Activity:
When you repeat the records, keep every word exact and drop each picture.

Source records:
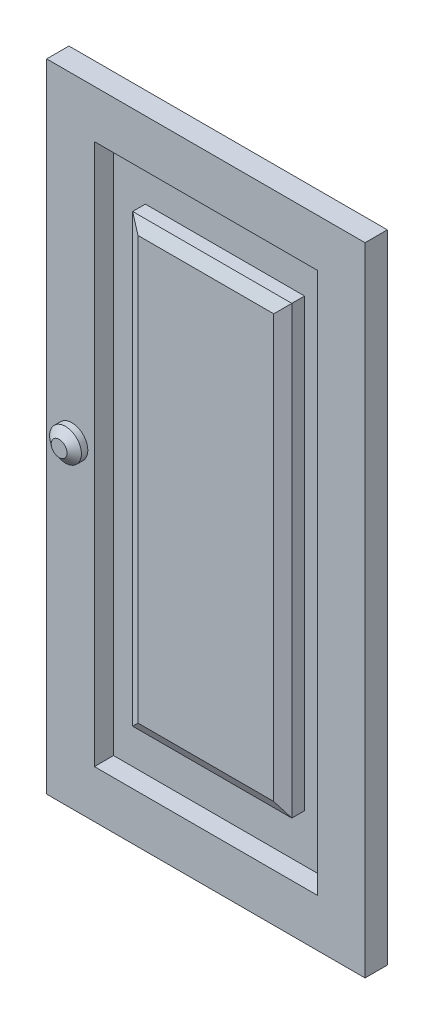
from build123d import *
from OCP.BRepFilletAPI import BRepFilletAPI_MakeChamfer

# Parameters (mm, degrees)
CROQUIS2_W              = 10
CROQUIS2_H              = 20
SALIENTE_EXTRUIR1_DEPTH = 0.7
CROQUIS3_W              = 7
CROQUIS3_H              = 17
CORTAR_EXTRUIR1_DEPTH   = 0.6
CROQUIS4_W              = 5
CROQUIS4_H              = 14
SALIENTE_EXTRUIR2_DEPTH = 0.6
CHAFL_N1_SIZE           = 0.2
CHAFL_N1_SIZE2          = 0.368354177
CROQUIS5_R              = 0.5
SALIENTE_EXTRUIR3_DEPTH = 0.4
CHAFL_N2_SIZE           = 0.2
CHAFL_N2_SIZE2          = 0.25143446


with BuildPart() as part:
    # Croquis2 → Saliente-Extruir1 (new body)
    with BuildSketch(Plane.XY):
        Rectangle(CROQUIS2_W, CROQUIS2_H)
    extrude(amount=SALIENTE_EXTRUIR1_DEPTH)

    # Croquis3 → Cortar-Extruir1 (cut)
    with BuildSketch(Plane.XY.offset(0.7)):
        Rectangle(CROQUIS3_W, CROQUIS3_H)
    extrude(amount=-CORTAR_EXTRUIR1_DEPTH, mode=Mode.SUBTRACT)

    # Croquis4 → Saliente-Extruir2 (add)
    with BuildSketch(Plane.XY.offset(0.1)):
        Rectangle(CROQUIS4_W, CROQUIS4_H)
    extrude(amount=SALIENTE_EXTRUIR2_DEPTH)

    # Chaflán1: one chamfer whose edges measure the first distance from different faces: ONE call of the kernel's chamfer builder (chamfer() names one face for all edges)
    chafl_n1_edges_1 = [part.edges().sort_by_distance(p)[0] for p in [
        (2.5, 0, 0.7),
    ]]
    chafl_n1_side_1 = [part.faces().sort_by_distance(p)[0] for p in [
        (2.5, 0, 0.4),
    ]]
    chafl_n1_edges_2 = [part.edges().sort_by_distance(p)[0] for p in [
        (0, 7, 0.7),
    ]]
    chafl_n1_side_2 = [part.faces().sort_by_distance(p)[0] for p in [
        (0, 7, 0.4),
    ]]
    chafl_n1_edges_3 = [part.edges().sort_by_distance(p)[0] for p in [
        (-2.5, 0, 0.7),
    ]]
    chafl_n1_side_3 = [part.faces().sort_by_distance(p)[0] for p in [
        (-2.5, 0, 0.4),
    ]]
    chafl_n1_edges_4 = [part.edges().sort_by_distance(p)[0] for p in [
        (0, -7, 0.7),
    ]]
    chafl_n1_side_4 = [part.faces().sort_by_distance(p)[0] for p in [
        (0, -7, 0.4),
    ]]
    chafl_n1 = BRepFilletAPI_MakeChamfer(part.part.solid().wrapped)
    for e in chafl_n1_edges_1:
        chafl_n1.Add(CHAFL_N1_SIZE, CHAFL_N1_SIZE2, e.wrapped, chafl_n1_side_1[0].wrapped)  # the first distance lies on this face
    for e in chafl_n1_edges_2:
        chafl_n1.Add(CHAFL_N1_SIZE, CHAFL_N1_SIZE2, e.wrapped, chafl_n1_side_2[0].wrapped)  # the first distance lies on this face
    for e in chafl_n1_edges_3:
        chafl_n1.Add(CHAFL_N1_SIZE, CHAFL_N1_SIZE2, e.wrapped, chafl_n1_side_3[0].wrapped)  # the first distance lies on this face
    for e in chafl_n1_edges_4:
        chafl_n1.Add(CHAFL_N1_SIZE, CHAFL_N1_SIZE2, e.wrapped, chafl_n1_side_4[0].wrapped)  # the first distance lies on this face
    add(Compound.cast(chafl_n1.Shape()), mode=Mode.REPLACE)

    # Croquis5 → Saliente-Extruir3 (add)
    with BuildSketch(Plane.XY.offset(0.7)):
        with Locations(Location((-4.208071118, 0, 0), (0, 0, 180))):
            Circle(CROQUIS5_R)
    extrude(amount=SALIENTE_EXTRUIR3_DEPTH)

    # Chaflán2
    chafl_n2_edges = [part.edges().sort_by_distance(p)[0] for p in [
        (-3.708071118, 0, 1.1),
    ]]
    chafl_n2_side = [part.faces().sort_by_distance(p)[0] for p in [
        (-3.708071118, 0, 0.9),
    ]]
    chamfer(chafl_n2_edges, length=CHAFL_N2_SIZE, length2=CHAFL_N2_SIZE2, reference=chafl_n2_side[0])


solid = part.part

Written response:
from build123d import *
from OCP.BRepFilletAPI import BRepFilletAPI_MakeChamfer

# Parameters (mm, degrees)
CROQUIS2_W              = 10
CROQUIS2_H              = 20
SALIENTE_EXTRUIR1_DEPTH = 0.7
CROQUIS3_W              = 7
CROQUIS3_H              = 17
CORTAR_EXTRUIR1_DEPTH   = 0.6
CROQUIS4_W              = 5
CROQUIS4_H              = 14
SALIENTE_EXTRUIR2_DEPTH = 0.6
CHAFL_N1_SIZE           = 0.2
CHAFL_N1_SIZE2          = 0.368354177
CROQUIS5_R              = 0.5
SALIENTE_EXTRUIR3_DEPTH = 0.4
CHAFL_N2_SIZE           = 0.2
CHAFL_N2_SIZE2          = 0.25143446


with BuildPart() as part:
    # Croquis2 → Saliente-Extruir1 (new body)
    with BuildSketch(Plane.XY):
        Rectangle(CROQUIS2_W, CROQUIS2_H)
    extrude(amount=SALIENTE_EXTRUIR1_DEPTH)

    # Croquis3 → Cortar-Extruir1 (cut)
    with BuildSketch(Plane.XY.offset(0.7)):
        Rectangle(CROQUIS3_W, CROQUIS3_H)
    extrude(amount=-CORTAR_EXTRUIR1_DEPTH, mode=Mode.SUBTRACT)

    # Croquis4 → Saliente-Extruir2 (add)
    with BuildSketch(Plane.XY.offset(0.1)):
        Rectangle(CROQUIS4_W, CROQUIS4_H)
    extrude(amount=SALIENTE_EXTRUIR2_DEPTH)

    # Chaflán1: one chamfer whose edges measure the first distance from different faces: ONE call of the kernel's chamfer builder (chamfer() names one face for all edges)
    chafl_n1_edges_1 = [part.edges().sort_by_distance(p)[0] for p in [
        (2.5, 0, 0.7),
    ]]
    chafl_n1_side_1 = [part.faces().sort_by_distance(p)[0] for p in [
        (2.5, 0, 0.4),
    ]]
    chafl_n1_edges_2 = [part.edges().sort_by_distance(p)[0] for p in [
        (0, 7, 0.7),
    ]]
    chafl_n1_side_2 = [part.faces().sort_by_distance(p)[0] for p in [
        (0, 7, 0.4),
    ]]
    chafl_n1_edges_3 = [part.edges().sort_by_distance(p)[0] for p in [
        (-2.5, 0, 0.7),
    ]]
    chafl_n1_side_3 = [part.faces().sort_by_distance(p)[0] for p in [
        (-2.5, 0, 0.4),
    ]]
    chafl_n1_edges_4 = [part.edges().sort_by_distance(p)[0] for p in [
        (0, -7, 0.7),
    ]]
    chafl_n1_side_4 = [part.faces().sort_by_distance(p)[0] for p in [
        (0, -7, 0.4),
    ]]
    chafl_n1 = BRepFilletAPI_MakeChamfer(part.part.solid().wrapped)
    for e in chafl_n1_edges_1:
        chafl_n1.Add(CHAFL_N1_SIZE, CHAFL_N1_SIZE2, e.wrapped, chafl_n1_side_1[0].wrapped)  # the first distance lies on this face
    for e in chafl_n1_edges_2:
        chafl_n1.Add(CHAFL_N1_SIZE, CHAFL_N1_SIZE2, e.wrapped, chafl_n1_side_2[0].wrapped)  # the first distance lies on this face
    for e in chafl_n1_edges_3:
        chafl_n1.Add(CHAFL_N1_SIZE, CHAFL_N1_SIZE2, e.wrapped, chafl_n1_side_3[0].wrapped)  # the first distance lies on this face
    for e in chafl_n1_edges_4:
        chafl_n1.Add(CHAFL_N1_SIZE, CHAFL_N1_SIZE2, e.wrapped, chafl_n1_side_4[0].wrapped)  # the first distance lies on this face
    add(Compound.cast(chafl_n1.Shape()), mode=Mode.REPLACE)

    # Croquis5 → Saliente-Extruir3 (add)
    with BuildSketch(Plane.XY.offset(0.7)):
        with Locations(Location((-4.208071118, 0, 0), (0, 0, 180))):
            Circle(CROQUIS5_R)
    extrude(amount=SALIENTE_EXTRUIR3_DEPTH)

    # Chaflán2
    chafl_n2_edges = [part.edges().sort_by_distance(p)[0] for p in [
        (-3.708071118, 0, 1.1),
    ]]
    chafl_n2_side = [part.faces().sort_by_distance(p)[0] for p in [
        (-3.708071118, 0, 0.9),
    ]]
    chamfer(chafl_n2_edges, length=CHAFL_N2_SIZE, length2=CHAFL_N2_SIZE2, reference=chafl_n2_side[0])


solid = part.part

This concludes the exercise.